Defendant denied Breda's negligence or that he was in any way responsible for the accident or that he created any emergency, and alleged that plaintiff's negligence was the proximate cause of the accident by his failure to keep a proper lookout or to keep his car under proper control and in driving at an excessive rate of speed with improper brakes and on the wrong side of the highway, with a trailer attached to his car, and that, in the alternative, should it be held Breda was negligent, plaintiff was contributorily negligent.

The American Fidelity Fire Insurance Company intervened and claimed the sum of $756.93 paid by it to plaintiff covering the damages to plaintiff's car, less $50 deductible under the provisions of a policy issued by it covering plaintiff's automobile.

Trial was had by jury and its verdict was in favor of defendant, and from the judgment rendered and signed pursuant thereto, plaintiff appealed.

The collision occurred on U. S. Highway No. 84 between Clarence and Winnfield, Louisiana, approximately one-half mile west of the Natchitoches and Winn Parish line about 11:30 A. M., January 4, 1954. The highway at the scene of the accident runs in a general east and west course, and for approximately three miles to the west and a quarter of a mile to the east is straight and level.

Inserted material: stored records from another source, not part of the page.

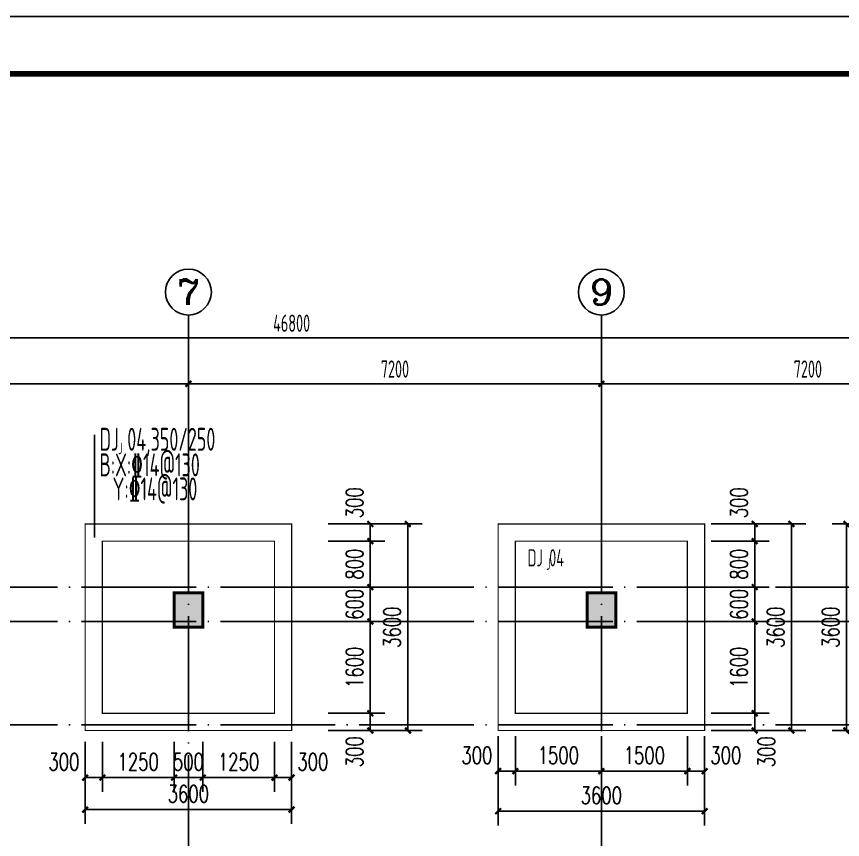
# Model space of a CAD drawing. Extents: x 127019 to 780419, y 327305 to 369305.
# Drawn here: x 211355 to 225755, y 354962 to 369305 of the extents above; entities that cross this region are included whole.
import ezdxf
from ezdxf.enums import TextEntityAlignment as Align

# ---------------------------------------------------------------- set-up
doc = ezdxf.new("R2010")
doc.units = 0
doc.header["$LTSCALE"] = 1000
doc.header["$MEASUREMENT"] = 0
doc.linetypes.add('CONTINOUS', pattern=[0])
doc.linetypes.add('DOTE', pattern=[2.42, 2, -0.2, 0.02, -0.2])
doc.layers.get('0').update_dxf_attribs({"linetype": 'CONTINUOUS'})
doc.layers.get('Defpoints').update_dxf_attribs({"linetype": 'CONTINUOUS'})
for name, color, linetype in [('1503', 7, 'CONTINUOUS'), ('2106', 2, 'CONTINUOUS'), ('AXIS_TEXT', 7, 'CONTINUOUS'), ('COLU', 7, 'CONTINUOUS'), ('COLUMN', 7, 'CONTINUOUS'), ('DIM', 3, 'CONTINUOUS'), ('DOTE', 8, 'DOTE'), ('PUB_DIM', 3, 'CONTINUOUS'), ('PUB_TITLE', 4, 'CONTINUOUS'), ('柱涂实', 54, 'CONTINUOUS'), ('独基标注', 7, 'CONTINUOUS')]:
    doc.layers.add(name, color=color, linetype=linetype)
doc.styles.add('_TCH_DIM_T3', font='SIMPLEX', dxfattribs={"width": 0.705882, "bigfont": 'GBCBIG'})
doc.styles.add('COMPLEX', font='COMPLEX.shx')
doc.styles.get("Standard").update_dxf_attribs({"font": 'gbxwxt.shx', "bigfont": 'gbhzfs.shx'})
doc.styles.add('TSSD_Dimension', font='gbxwxt.shx', dxfattribs={"width": 0.7, "bigfont": 'gbhzfs.shx'})
doc.styles.add('TSSD_Rein', font='tssdeng.shx', dxfattribs={"width": 0.6, "bigfont": 'gbhzfs.shx'})
doc.dimstyles.new('_TCH_ARCH&&100', dxfattribs={"dimtxt": 297.5, "dimasz": 100, "dimexe": 250, "dimexo": 300, "dimgap": 126.25, "dimtad": 1, "dimdec": 0, "dimzin": 0, "dimdsep": 46, "dimtxsty": '_TCH_DIM_T3', "dimblk": 'ARCHTICK', "dimcen": 0.09, "dimclrt": 7, "dimazin": 2, "dimtfac": 1, "dimtdec": 0, "dimtix": 1, "dimtmove": 2, "dimatfit": 3, "dimfxl": 0, "dimtolj": 1, "dimtzin": 0, "dimarcsym": 0})
doc.dimstyles.new('TSSD_100_100', dxfattribs={"dimtxt": 300, "dimasz": 100, "dimexe": 100, "dimexo": 250, "dimgap": 100, "dimtad": 1, "dimdec": 0, "dimzin": 0, "dimdsep": 46, "dimtxsty": 'TSSD_Dimension', "dimblk": 'ARCHTICK', "dimcen": 0, "dimdle": 100, "dimclrt": 7, "dimadec": 0, "dimazin": 0, "dimtfac": 1, "dimtdec": 0, "dimtix": 1, "dimtmove": 2, "dimatfit": 3, "dimfxl": 0, "dimtolj": 1, "dimtzin": 0, "dimarcsym": 0})

# ---------------------------------------------------------------- blocks, each defined once
blk = doc.blocks.new('_ArchTick')
at = {"color": 0, "linetype": 'ByBlock', "const_width": 0.4}
blk.add_lwpolyline([(-0.5, -0.5), (0.5, 0.5)], dxfattribs=at)
blk = doc.blocks.new('*D76')
at = {"layer": 'Defpoints', "color": 0, "linetype": 'CONTINOUS', "transparency": 16777216}
for p in [(214352, 362903), (214352, 361022), (221552, 361022)]:
    blk.add_point(p, dxfattribs=at)
at = {"layer": 'PUB_DIM', "color": 0, "linetype": 'CONTINOUS', "lineweight": -2, "transparency": 16777216}
for p, q in [((221652, 362903), (214252, 362903)), ((214352, 361272), (214352, 363003)), ((221552, 361272), (221552, 363003))]:
    blk.add_line(p, q, dxfattribs=at)
at = {"layer": 'PUB_DIM', "color": 0, "linetype": 'CONTINOUS', "lineweight": -2, "transparency": 16777216, "xscale": 100, "yscale": 100, "zscale": 100, "rotation": 180}
blk.add_blockref('_ArchTick', (214352, 362903), dxfattribs=at)
at = {"layer": 'PUB_DIM', "color": 0, "linetype": 'CONTINOUS', "lineweight": -2, "transparency": 16777216, "xscale": 100, "yscale": 100, "zscale": 100}
blk.add_blockref('_ArchTick', (221552, 362903), dxfattribs=at)
at = {"layer": 'PUB_DIM', "color": 7, "linetype": 'CONTINOUS', "transparency": 16777216, "insert": (217952, 363161), "char_height": 300, "attachment_point": 5, "style": 'TSSD_Dimension'}
blk.add_mtext('\\A1;7200', dxfattribs=at)
blk = doc.blocks.new('_axiso')
blk.add_circle((0, 0), 0.5)
at = {"layer": 'AXIS_TEXT', "style": 'COMPLEX', "width": 1.041667}
blk.add_attdef('A', text='', height=0.56, dxfattribs=at).set_placement((-0.25, -0.28), (0.25, -0.28), align=Align.FIT)
blk = doc.blocks.new('*D67')
at = {"layer": 'Defpoints', "color": 0, "linetype": 'CONTINOUS', "transparency": 16777216}
for p in [(221551, 362903), (221551, 361022), (228751, 361022)]:
    blk.add_point(p, dxfattribs=at)
at = {"layer": 'PUB_DIM', "color": 0, "linetype": 'CONTINOUS', "lineweight": -2, "transparency": 16777216}
for p, q in [((228851, 362903), (221451, 362903)), ((221551, 361272), (221551, 363003)), ((228751, 361272), (228751, 363003))]:
    blk.add_line(p, q, dxfattribs=at)
at = {"layer": 'PUB_DIM', "color": 0, "linetype": 'CONTINOUS', "lineweight": -2, "transparency": 16777216, "xscale": 100, "yscale": 100, "zscale": 100, "rotation": 180}
blk.add_blockref('_ArchTick', (221551, 362903), dxfattribs=at)
at = {"layer": 'PUB_DIM', "color": 0, "linetype": 'CONTINOUS', "lineweight": -2, "transparency": 16777216, "xscale": 100, "yscale": 100, "zscale": 100}
blk.add_blockref('_ArchTick', (228751, 362903), dxfattribs=at)
at = {"layer": 'PUB_DIM', "color": 7, "linetype": 'CONTINOUS', "transparency": 16777216, "insert": (225151, 363161), "char_height": 300, "attachment_point": 5, "style": 'TSSD_Dimension'}
blk.add_mtext('\\A1;7200', dxfattribs=at)
blk = doc.blocks.new('*D66')
at = {"layer": 'Defpoints', "color": 0, "linetype": 'CONTINOUS', "transparency": 16777216}
for p in [(207151, 362903), (207151, 361022), (214351, 361022)]:
    blk.add_point(p, dxfattribs=at)
at = {"layer": 'PUB_DIM', "color": 0, "linetype": 'CONTINOUS', "lineweight": -2, "transparency": 16777216}
for p, q in [((214451, 362903), (207051, 362903)), ((207151, 361272), (207151, 363003)), ((214351, 361272), (214351, 363003))]:
    blk.add_line(p, q, dxfattribs=at)
at = {"layer": 'PUB_DIM', "color": 0, "linetype": 'CONTINOUS', "lineweight": -2, "transparency": 16777216, "xscale": 100, "yscale": 100, "zscale": 100, "rotation": 180}
blk.add_blockref('_ArchTick', (207151, 362903), dxfattribs=at)
at = {"layer": 'PUB_DIM', "color": 0, "linetype": 'CONTINOUS', "lineweight": -2, "transparency": 16777216, "xscale": 100, "yscale": 100, "zscale": 100}
blk.add_blockref('_ArchTick', (214351, 362903), dxfattribs=at)
at = {"layer": 'PUB_DIM', "color": 7, "linetype": 'CONTINOUS', "transparency": 16777216, "insert": (210751, 363161), "char_height": 300, "attachment_point": 5, "style": 'TSSD_Dimension'}
blk.add_mtext('\\A1;7200', dxfattribs=at)
blk = doc.blocks.new('*D62')
at = {"layer": 'Defpoints', "color": 0, "linetype": 'CONTINOUS', "transparency": 16777216}
for p in [(192751, 363703), (192751, 361022), (239551, 361022)]:
    blk.add_point(p, dxfattribs=at)
at = {"layer": 'PUB_DIM', "color": 0, "linetype": 'CONTINOUS', "lineweight": -2, "transparency": 16777216}
for p, q in [((192751, 361272), (192751, 363803)), ((239551, 361272), (239551, 363803)), ((239651, 363703), (192651, 363703))]:
    blk.add_line(p, q, dxfattribs=at)
at = {"layer": 'PUB_DIM', "color": 0, "linetype": 'CONTINOUS', "lineweight": -2, "transparency": 16777216, "xscale": 100, "yscale": 100, "zscale": 100}
for p, rotation in [((192751, 363703), 179.9999999999991), ((239551, 363703), 359.9999999999991)]:
    blk.add_blockref('_ArchTick', p, dxfattribs=dict(at, rotation=rotation))
at = {"layer": 'PUB_DIM', "color": 7, "linetype": 'CONTINOUS', "transparency": 16777216, "insert": (216151, 363960), "char_height": 300, "attachment_point": 5, "style": 'TSSD_Dimension'}
blk.add_mtext('\\A1;46800', dxfattribs=at)
blk = doc.blocks.new('A$C5E704440')
at = {"layer": '2106', "color": 8}
for points in [[(21850, 500), (21350, 500), (21850, -100), (21350, -100)], [(29050, 500), (28550, 500), (29050, -100), (28550, -100)]]:
    blk.add_solid(points, dxfattribs=at)
at = {"layer": 'COLUMN'}
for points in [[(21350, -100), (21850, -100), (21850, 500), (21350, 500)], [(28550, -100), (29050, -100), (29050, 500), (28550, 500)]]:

This is an 18foot concrete paved highway, divided into two traffic lanes by a black center line, with the usual dirt shoulders about 8 feet wide on each side.

On the day of the accident, the highway and shoulders were dry, the weather was clear and visibility was good. On the south side of the highway near the point of impact is a regular type mail box atop a wooden post located approximately 7 feet from the edge of the concrete slab, or at such a distance as would permit an automobile to drive between the slab and the mail box. On the occasion involved, the mail carrier, proceeding eastward in the same direction in which plaintiff was traveling, left the concrete slab and drove to the shoulder and stopped at the mail box. While he was so parked and after he had apparently delivered his mail and before re-entering the highway, plaintiff approached from the rear or the west, traveling between 55 and 60 miles per hour. Plaintiff had hitched to his car a light two-wheel trailer, having a width about that of the car and a length of some 6 to 7 feet. He was returning the *63 trailer empty to Monroe from where he had that day conveyed part of his possessions to Natchitoches. As he approached the Breda car from the rear and when about 250 to 300 feet therefrom, plaintiff blew his horn and let up on the accelerator of his car, at which time Breda started up his car, drove a few feet and stopped, leading plaintiff to believe that he acknowledged plaintiff's right of way and that he was going to remain in that position until plaintiff passed. At that moment, however, the gravel truck, loaded with "E" stone, was approaching from the east or in front of Breda and was traveling in a westerly direction towards Clarence at a speed of 45 miles per hour. Notwithstanding the blowing of plaintiff's horn and Breda's stopping before driving upon the concrete slab, when plaintiff neared the Breda car, Breda suddenly, without looking or giving any signal or warning, drove onto the highway and into the lane traveled by plaintiff. Whereupon plaintiff applied his brakes in an effort to prevent a collision with the Breda car, causing his car to turn and swerve to the left and the trailer to jack-knife, throwing his car into the path of the truck. The impact of the collision knocked the two front wheels off the truck, doing considerable damage to both truck and car, and throwing plaintiff some distance through the right door onto the concrete highway. The Breda car, undamaged, continued on its way.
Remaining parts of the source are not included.